◆ **PROMPT**: Please report every line in the entries that contains the string "mechanical".

Items from a dataset:
= = = =
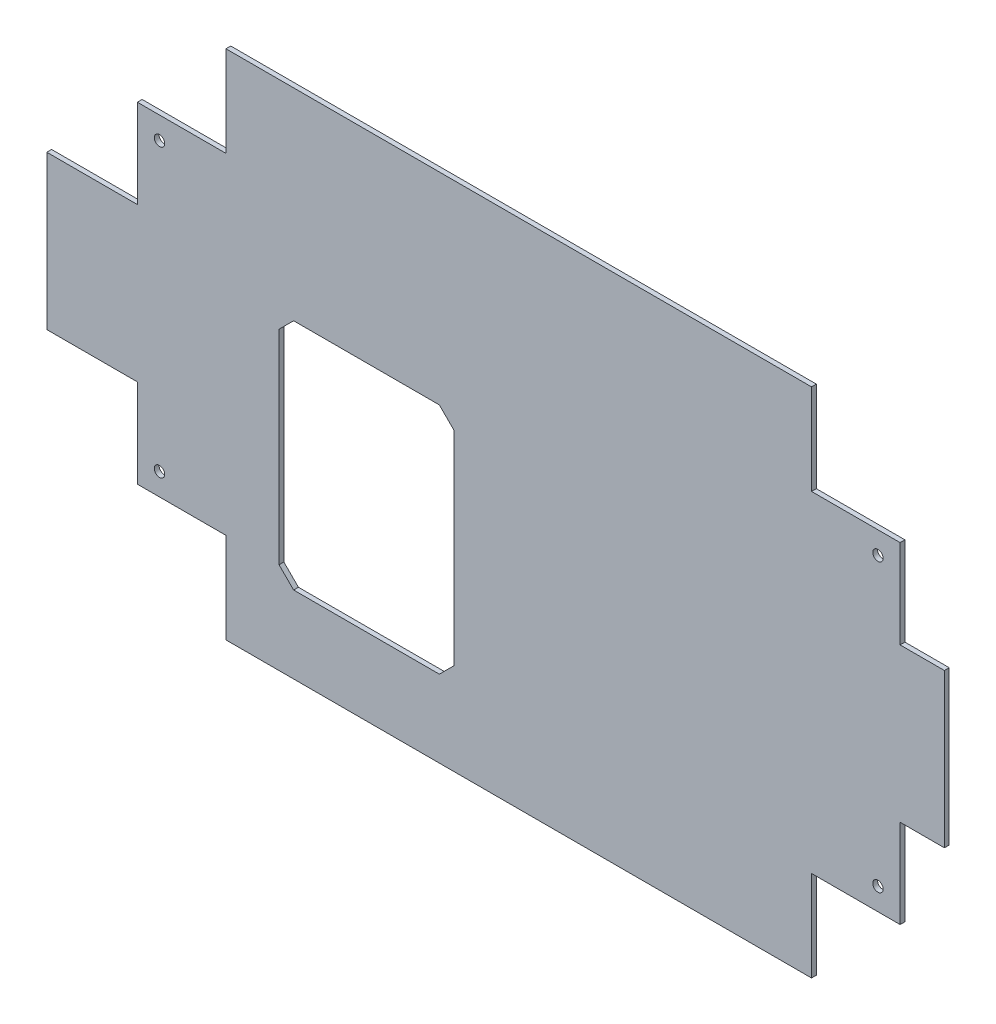
ISO-10303-21;
HEADER;
FILE_DESCRIPTION(('STEP AP214'),'2;1');
FILE_NAME('part.step','',(''),(''),'','','');
FILE_SCHEMA(('AUTOMOTIVE_DESIGN { 1 0 10303 214 1 1 1 1 }'));
ENDSEC;
DATA;
#1=APPLICATION_CONTEXT('core data for automotive mechanical design processes');
#2=APPLICATION_PROTOCOL_DEFINITION('international standard','automotive_design',2000,#1);
#3=PRODUCT_CONTEXT('',#1,'mechanical');
#4=PRODUCT('Part','Part','',(#3));
#5=PRODUCT_RELATED_PRODUCT_CATEGORY('part','',(#4));
#6=PRODUCT_DEFINITION_FORMATION('','',#4);
#7=PRODUCT_DEFINITION_CONTEXT('part definition',#1,'design');
#8=PRODUCT_DEFINITION('design','',#6,#7);
#9=PRODUCT_DEFINITION_SHAPE('','',#8);
#10=(LENGTH_UNIT() NAMED_UNIT(*) SI_UNIT(.MILLI.,.METRE.));
#11=(NAMED_UNIT(*) PLANE_ANGLE_UNIT() SI_UNIT($,.RADIAN.));
#12=(NAMED_UNIT(*) SI_UNIT($,.STERADIAN.) SOLID_ANGLE_UNIT());
#13=UNCERTAINTY_MEASURE_WITH_UNIT(LENGTH_MEASURE(1.E-05),#10,'distance_accuracy_value','');
#14=(GEOMETRIC_REPRESENTATION_CONTEXT(3) GLOBAL_UNCERTAINTY_ASSIGNED_CONTEXT((#13)) GLOBAL_UNIT_ASSIGNED_CONTEXT((#10,
#11,#12)) REPRESENTATION_CONTEXT('',''));
#15=CARTESIAN_POINT('',(0.,0.,0.));
#16=DIRECTION('',(0.,0.,1.));
#17=DIRECTION('',(1.,0.,0.));
#18=AXIS2_PLACEMENT_3D('',#15,#16,#17);
#19=CARTESIAN_POINT('',(-615.949999999996,52.7000000000001,3.3));
#20=DIRECTION('',(0.,-1.,0.));
#21=DIRECTION('',(1.,0.,0.));
#22=AXIS2_PLACEMENT_3D('',#19,#20,#21);
#23=PLANE('',#22);
#24=DIRECTION('',(-1.,0.,0.));
#25=VECTOR('',#24,1.);
#26=CARTESIAN_POINT('',(-615.949999999996,52.7000000000001,0.));
#27=LINE('',#26,#25);
#28=CARTESIAN_POINT('',(-553.799999999996,52.7,0.));
#29=VERTEX_POINT('',#28);
#30=CARTESIAN_POINT('',(-615.949999999996,52.7000000000001,0.));
#31=VERTEX_POINT('',#30);
#32=EDGE_CURVE('E288',#29,#31,#27,.T.);
#33=ORIENTED_EDGE('',*,*,#32,.T.);
#34=DIRECTION('',(0.,0.,-1.));
#35=VECTOR('',#34,1.);
#36=CARTESIAN_POINT('',(-615.949999999996,52.7000000000001,3.3));
#37=LINE('',#36,#35);
#38=CARTESIAN_POINT('',(-615.949999999996,52.7000000000001,3.3));
#39=VERTEX_POINT('',#38);
#40=EDGE_CURVE('E404',#39,#31,#37,.T.);
#41=ORIENTED_EDGE('',*,*,#40,.F.);
#42=DIRECTION('',(-1.,0.,0.));
#43=VECTOR('',#42,1.);
#44=CARTESIAN_POINT('',(-615.949999999996,52.7000000000001,3.3));
#45=LINE('',#44,#43);
#46=CARTESIAN_POINT('',(-553.799999999996,52.7,3.3));
#47=VERTEX_POINT('',#46);
#48=EDGE_CURVE('E290',#47,#39,#45,.T.);
#49=ORIENTED_EDGE('',*,*,#48,.F.);
#50=DIRECTION('',(0.,0.,-1.));
#51=VECTOR('',#50,1.);
#52=CARTESIAN_POINT('',(-553.799999999996,52.7,3.3));
#53=LINE('',#52,#51);
#54=EDGE_CURVE('E329',#47,#29,#53,.T.);
#55=ORIENTED_EDGE('',*,*,#54,.T.);
#56=EDGE_LOOP('',(#33,#41,#49,#55));
#57=FACE_BOUND('',#56,.T.);
#58=ADVANCED_FACE('F33',(#57),#23,.F.);
#59=CARTESIAN_POINT('',(-615.949999999996,52.7000000000001,3.3));
#60=DIRECTION('',(1.,0.,0.));
#61=DIRECTION('',(0.,0.,-1.));
#62=AXIS2_PLACEMENT_3D('',#59,#60,#61);
#63=PLANE('',#62);
#64=DIRECTION('',(0.,-1.,0.));
#65=VECTOR('',#64,1.);
#66=CARTESIAN_POINT('',(-615.949999999996,52.7000000000001,0.));
#67=LINE('',#66,#65);
#68=CARTESIAN_POINT('',(-615.949999999996,-52.6999999999999,0.));
#69=VERTEX_POINT('',#68);
#70=EDGE_CURVE('E332',#31,#69,#67,.T.);
#71=ORIENTED_EDGE('',*,*,#70,.T.);
#72=DIRECTION('',(0.,0.,-1.));
#73=VECTOR('',#72,1.);
#74=CARTESIAN_POINT('',(-615.949999999996,-52.6999999999999,3.3));
#75=LINE('',#74,#73);
#76=CARTESIAN_POINT('',(-615.949999999996,-52.6999999999999,3.3));
#77=VERTEX_POINT('',#76);
#78=EDGE_CURVE('E401',#77,#69,#75,.T.);
#79=ORIENTED_EDGE('',*,*,#78,.F.);
#80=DIRECTION('',(0.,-1.,0.));
#81=VECTOR('',#80,1.);
#82=CARTESIAN_POINT('',(-615.949999999996,52.7000000000001,3.3));
#83=LINE('',#82,#81);
#84=EDGE_CURVE('E293',#39,#77,#83,.T.);
#85=ORIENTED_EDGE('',*,*,#84,.F.);
#86=ORIENTED_EDGE('',*,*,#40,.T.);
#87=EDGE_LOOP('',(#71,#79,#85,#86));
#88=FACE_BOUND('',#87,.T.);
#89=ADVANCED_FACE('F488',(#88),#63,.F.);
#90=CARTESIAN_POINT('',(-615.949999999996,-52.6999999999999,3.3));
#91=DIRECTION('',(0.,1.,0.));
#92=DIRECTION('',(0.,0.,1.));
#93=AXIS2_PLACEMENT_3D('',#90,#91,#92);
#94=PLANE('',#93);
#95=DIRECTION('',(1.,0.,0.));
#96=VECTOR('',#95,1.);
#97=CARTESIAN_POINT('',(-615.949999999996,-52.6999999999999,0.));
#98=LINE('',#97,#96);
#99=CARTESIAN_POINT('',(-553.799999999996,-52.6999999999999,0.));
#100=VERTEX_POINT('',#99);
#101=EDGE_CURVE('E334',#69,#100,#98,.T.);
#102=ORIENTED_EDGE('',*,*,#101,.T.);
#103=DIRECTION('',(0.,0.,-1.));
#104=VECTOR('',#103,1.);
#105=CARTESIAN_POINT('',(-553.799999999996,-52.6999999999999,3.3));
#106=LINE('',#105,#104);
#107=CARTESIAN_POINT('',(-553.799999999996,-52.6999999999999,3.3));
#108=VERTEX_POINT('',#107);
#109=EDGE_CURVE('E398',#108,#100,#106,.T.);
#110=ORIENTED_EDGE('',*,*,#109,.F.);
#111=DIRECTION('',(1.,0.,0.));
#112=VECTOR('',#111,1.);
#113=CARTESIAN_POINT('',(-615.949999999996,-52.6999999999999,3.3));
#114=LINE('',#113,#112);
#115=EDGE_CURVE('E296',#77,#108,#114,.T.);
#116=ORIENTED_EDGE('',*,*,#115,.F.);
#117=ORIENTED_EDGE('',*,*,#78,.T.);
#118=EDGE_LOOP('',(#102,#110,#116,#117));
#119=FACE_BOUND('',#118,.T.);
#120=ADVANCED_FACE('F494',(#119),#94,.F.);
#121=CARTESIAN_POINT('',(-553.799999999996,-52.6999999999999,3.3));
#122=DIRECTION('',(1.,0.,0.));
#123=DIRECTION('',(0.,0.,-1.));
#124=AXIS2_PLACEMENT_3D('',#121,#122,#123);
#125=PLANE('',#124);
#126=DIRECTION('',(0.,-1.,0.));
#127=VECTOR('',#126,1.);
#128=CARTESIAN_POINT('',(-553.799999999996,-52.6999999999999,0.));
#129=LINE('',#128,#127);
#130=CARTESIAN_POINT('',(-553.799999999996,-113.5,0.));
#131=VERTEX_POINT('',#130);
#132=EDGE_CURVE('E336',#100,#131,#129,.T.);
#133=ORIENTED_EDGE('',*,*,#132,.T.);
#134=DIRECTION('',(0.,0.,-1.));
#135=VECTOR('',#134,1.);
#136=CARTESIAN_POINT('',(-553.799999999996,-113.5,3.3));
#137=LINE('',#136,#135);
#138=CARTESIAN_POINT('',(-553.799999999996,-113.5,3.3));
#139=VERTEX_POINT('',#138);
#140=EDGE_CURVE('E395',#139,#131,#137,.T.);
#141=ORIENTED_EDGE('',*,*,#140,.F.);
#142=DIRECTION('',(0.,-1.,0.));
#143=VECTOR('',#142,1.);
#144=CARTESIAN_POINT('',(-553.799999999996,-52.6999999999999,3.3));
#145=LINE('',#144,#143);
#146=EDGE_CURVE('E298',#108,#139,#145,.T.);
#147=ORIENTED_EDGE('',*,*,#146,.F.);
#148=ORIENTED_EDGE('',*,*,#109,.T.);
#149=EDGE_LOOP('',(#133,#141,#147,#148));
#150=FACE_BOUND('',#149,.T.);
#151=ADVANCED_FACE('F598',(#150),#125,.F.);
#152=CARTESIAN_POINT('',(-553.799999999996,-113.5,3.3));
#153=DIRECTION('',(0.,1.,0.));
#154=DIRECTION('',(-1.,0.,0.));
#155=AXIS2_PLACEMENT_3D('',#152,#153,#154);
#156=PLANE('',#155);
#157=DIRECTION('',(1.,0.,0.));
#158=VECTOR('',#157,1.);
#159=CARTESIAN_POINT('',(-553.799999999996,-113.5,0.));
#160=LINE('',#159,#158);
#161=CARTESIAN_POINT('',(-492.999999999998,-113.5,0.));
#162=VERTEX_POINT('',#161);
#163=EDGE_CURVE('E232',#131,#162,#160,.T.);
#164=ORIENTED_EDGE('',*,*,#163,.T.);
#165=DIRECTION('',(0.,0.,-1.));
#166=VECTOR('',#165,1.);
#167=CARTESIAN_POINT('',(-492.999999999998,-113.5,3.3));
#168=LINE('',#167,#166);
#169=CARTESIAN_POINT('',(-492.999999999998,-113.5,3.3));
#170=VERTEX_POINT('',#169);
#171=EDGE_CURVE('E227',#170,#162,#168,.T.);
#172=ORIENTED_EDGE('',*,*,#171,.F.);
#173=DIRECTION('',(1.,0.,0.));
#174=VECTOR('',#173,1.);
#175=CARTESIAN_POINT('',(-553.799999999996,-113.5,3.3));
#176=LINE('',#175,#174);
#177=EDGE_CURVE('E300',#139,#170,#176,.T.);
#178=ORIENTED_EDGE('',*,*,#177,.F.);
#179=ORIENTED_EDGE('',*,*,#140,.T.);
#180=EDGE_LOOP('',(#164,#172,#178,#179));
#181=FACE_BOUND('',#180,.T.);
#182=ADVANCED_FACE('F595',(#181),#156,.F.);
#183=CARTESIAN_POINT('',(-492.999999999998,-113.5,3.3));
#184=DIRECTION('',(1.,0.,0.));
#185=DIRECTION('',(0.,1.,0.));
#186=AXIS2_PLACEMENT_3D('',#183,#184,#185);
#187=PLANE('',#186);
#188=DIRECTION('',(0.,-1.,0.));
#189=VECTOR('',#188,1.);
#190=CARTESIAN_POINT('',(-492.999999999998,-113.5,0.));
#191=LINE('',#190,#189);
#192=CARTESIAN_POINT('',(-492.999999999998,-175.65,0.));
#193=VERTEX_POINT('',#192);
#194=EDGE_CURVE('E220',#162,#193,#191,.T.);
#195=ORIENTED_EDGE('',*,*,#194,.T.);
#196=DIRECTION('',(0.,0.,1.));
#197=VECTOR('',#196,1.);
#198=CARTESIAN_POINT('',(-492.999999999998,-175.65,0.));
#199=LINE('',#198,#197);
#200=CARTESIAN_POINT('',(-492.999999999998,-175.65,3.3));
#201=VERTEX_POINT('',#200);
#202=EDGE_CURVE('E224',#193,#201,#199,.T.);
#203=ORIENTED_EDGE('',*,*,#202,.T.);
#204=DIRECTION('',(0.,-1.,0.));
#205=VECTOR('',#204,1.);
#206=CARTESIAN_POINT('',(-492.999999999998,-113.5,3.3));
#207=LINE('',#206,#205);
#208=EDGE_CURVE('E302',#170,#201,#207,.T.);
#209=ORIENTED_EDGE('',*,*,#208,.F.);
#210=ORIENTED_EDGE('',*,*,#171,.T.);
#211=EDGE_LOOP('',(#195,#203,#209,#210));
#212=FACE_BOUND('',#211,.T.);
#213=ADVANCED_FACE('F222',(#212),#187,.F.);
#214=CARTESIAN_POINT('',(-91.2000000000021,-174.3,3.3));
#215=DIRECTION('',(-1.,0.,0.));
#216=DIRECTION('',(0.,0.,1.));
#217=AXIS2_PLACEMENT_3D('',#214,#215,#216);
#218=PLANE('',#217);
#219=DIRECTION('',(0.,1.,0.));
#220=VECTOR('',#219,1.);
#221=CARTESIAN_POINT('',(-91.2000000000021,-174.3,0.));
#222=LINE('',#221,#220);
#223=CARTESIAN_POINT('',(-91.2000000000021,-175.65,0.));
#224=VERTEX_POINT('',#223);
#225=CARTESIAN_POINT('',(-91.2000000000021,-113.5,0.));
#226=VERTEX_POINT('',#225);
#227=EDGE_CURVE('E231',#224,#226,#222,.T.);
#228=ORIENTED_EDGE('',*,*,#227,.T.);
#229=DIRECTION('',(0.,0.,-1.));
#230=VECTOR('',#229,1.);
#231=CARTESIAN_POINT('',(-91.2000000000021,-113.5,3.3));
#232=LINE('',#231,#230);
#233=CARTESIAN_POINT('',(-91.2000000000021,-113.5,3.3));
#234=VERTEX_POINT('',#233);
#235=EDGE_CURVE('E391',#234,#226,#232,.T.);
#236=ORIENTED_EDGE('',*,*,#235,.F.);
#237=DIRECTION('',(0.,1.,0.));
#238=VECTOR('',#237,1.);
#239=CARTESIAN_POINT('',(-91.2000000000021,-174.3,3.3));
#240=LINE('',#239,#238);
#241=CARTESIAN_POINT('',(-91.2000000000021,-175.65,3.3));
#242=VERTEX_POINT('',#241);
#243=EDGE_CURVE('E304',#242,#234,#240,.T.);
#244=ORIENTED_EDGE('',*,*,#243,.F.);
#245=DIRECTION('',(0.,0.,1.));
#246=VECTOR('',#245,1.);
#247=CARTESIAN_POINT('',(-91.2000000000021,-175.65,0.));
#248=LINE('',#247,#246);
#249=EDGE_CURVE('E241',#224,#242,#248,.T.);
#250=ORIENTED_EDGE('',*,*,#249,.F.);
#251=EDGE_LOOP('',(#228,#236,#244,#250));
#252=FACE_BOUND('',#251,.T.);
#253=ADVANCED_FACE('F588',(#252),#218,.F.);
#254=CARTESIAN_POINT('',(-91.2000000000021,-113.5,3.3));
#255=DIRECTION('',(0.,1.,0.));
#256=DIRECTION('',(-1.,0.,0.));
#257=AXIS2_PLACEMENT_3D('',#254,#255,#256);
#258=PLANE('',#257);
#259=DIRECTION('',(1.,0.,0.));
#260=VECTOR('',#259,1.);
#261=CARTESIAN_POINT('',(-91.2000000000021,-113.5,0.));
#262=LINE('',#261,#260);
#263=CARTESIAN_POINT('',(-30.4000000000042,-113.5,0.));
#264=VERTEX_POINT('',#263);
#265=EDGE_CURVE('E340',#226,#264,#262,.T.);
#266=ORIENTED_EDGE('',*,*,#265,.T.);
#267=DIRECTION('',(0.,0.,-1.));
#268=VECTOR('',#267,1.);
#269=CARTESIAN_POINT('',(-30.4000000000042,-113.5,3.3));
#270=LINE('',#269,#268);
#271=CARTESIAN_POINT('',(-30.4000000000042,-113.5,3.3));
#272=VERTEX_POINT('',#271);
#273=EDGE_CURVE('E388',#272,#264,#270,.T.);
#274=ORIENTED_EDGE('',*,*,#273,.F.);
#275=DIRECTION('',(1.,0.,0.));
#276=VECTOR('',#275,1.);
#277=CARTESIAN_POINT('',(-91.2000000000021,-113.5,3.3));
#278=LINE('',#277,#276);
#279=EDGE_CURVE('E306',#234,#272,#278,.T.);
#280=ORIENTED_EDGE('',*,*,#279,.F.);
#281=ORIENTED_EDGE('',*,*,#235,.T.);
#282=EDGE_LOOP('',(#266,#274,#280,#281));
#283=FACE_BOUND('',#282,.T.);
#284=ADVANCED_FACE('F584',(#283),#258,.F.);
#285=CARTESIAN_POINT('',(-30.4000000000042,-113.5,3.3));
#286=DIRECTION('',(-1.,0.,0.));
#287=DIRECTION('',(0.,0.,1.));
#288=AXIS2_PLACEMENT_3D('',#285,#286,#287);
#289=PLANE('',#288);
#290=DIRECTION('',(0.,1.,0.));
#291=VECTOR('',#290,1.);
#292=CARTESIAN_POINT('',(-30.4000000000042,-113.5,0.));
#293=LINE('',#292,#291);
#294=CARTESIAN_POINT('',(-30.4000000000042,-52.6999999999999,0.));
#295=VERTEX_POINT('',#294);
#296=EDGE_CURVE('E342',#264,#295,#293,.T.);
#297=ORIENTED_EDGE('',*,*,#296,.T.);
#298=DIRECTION('',(0.,0.,-1.));
#299=VECTOR('',#298,1.);
#300=CARTESIAN_POINT('',(-30.4000000000042,-52.6999999999999,3.3));
#301=LINE('',#300,#299);
#302=CARTESIAN_POINT('',(-30.4000000000042,-52.6999999999999,3.3));
#303=VERTEX_POINT('',#302);
#304=EDGE_CURVE('E385',#303,#295,#301,.T.);
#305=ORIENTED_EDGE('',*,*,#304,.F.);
= = = =
◆ **SOLUTION FOR THIS PROBLEM**:
#1=APPLICATION_CONTEXT('core data for automotive mechanical design processes');
#3=PRODUCT_CONTEXT('',#1,'mechanical');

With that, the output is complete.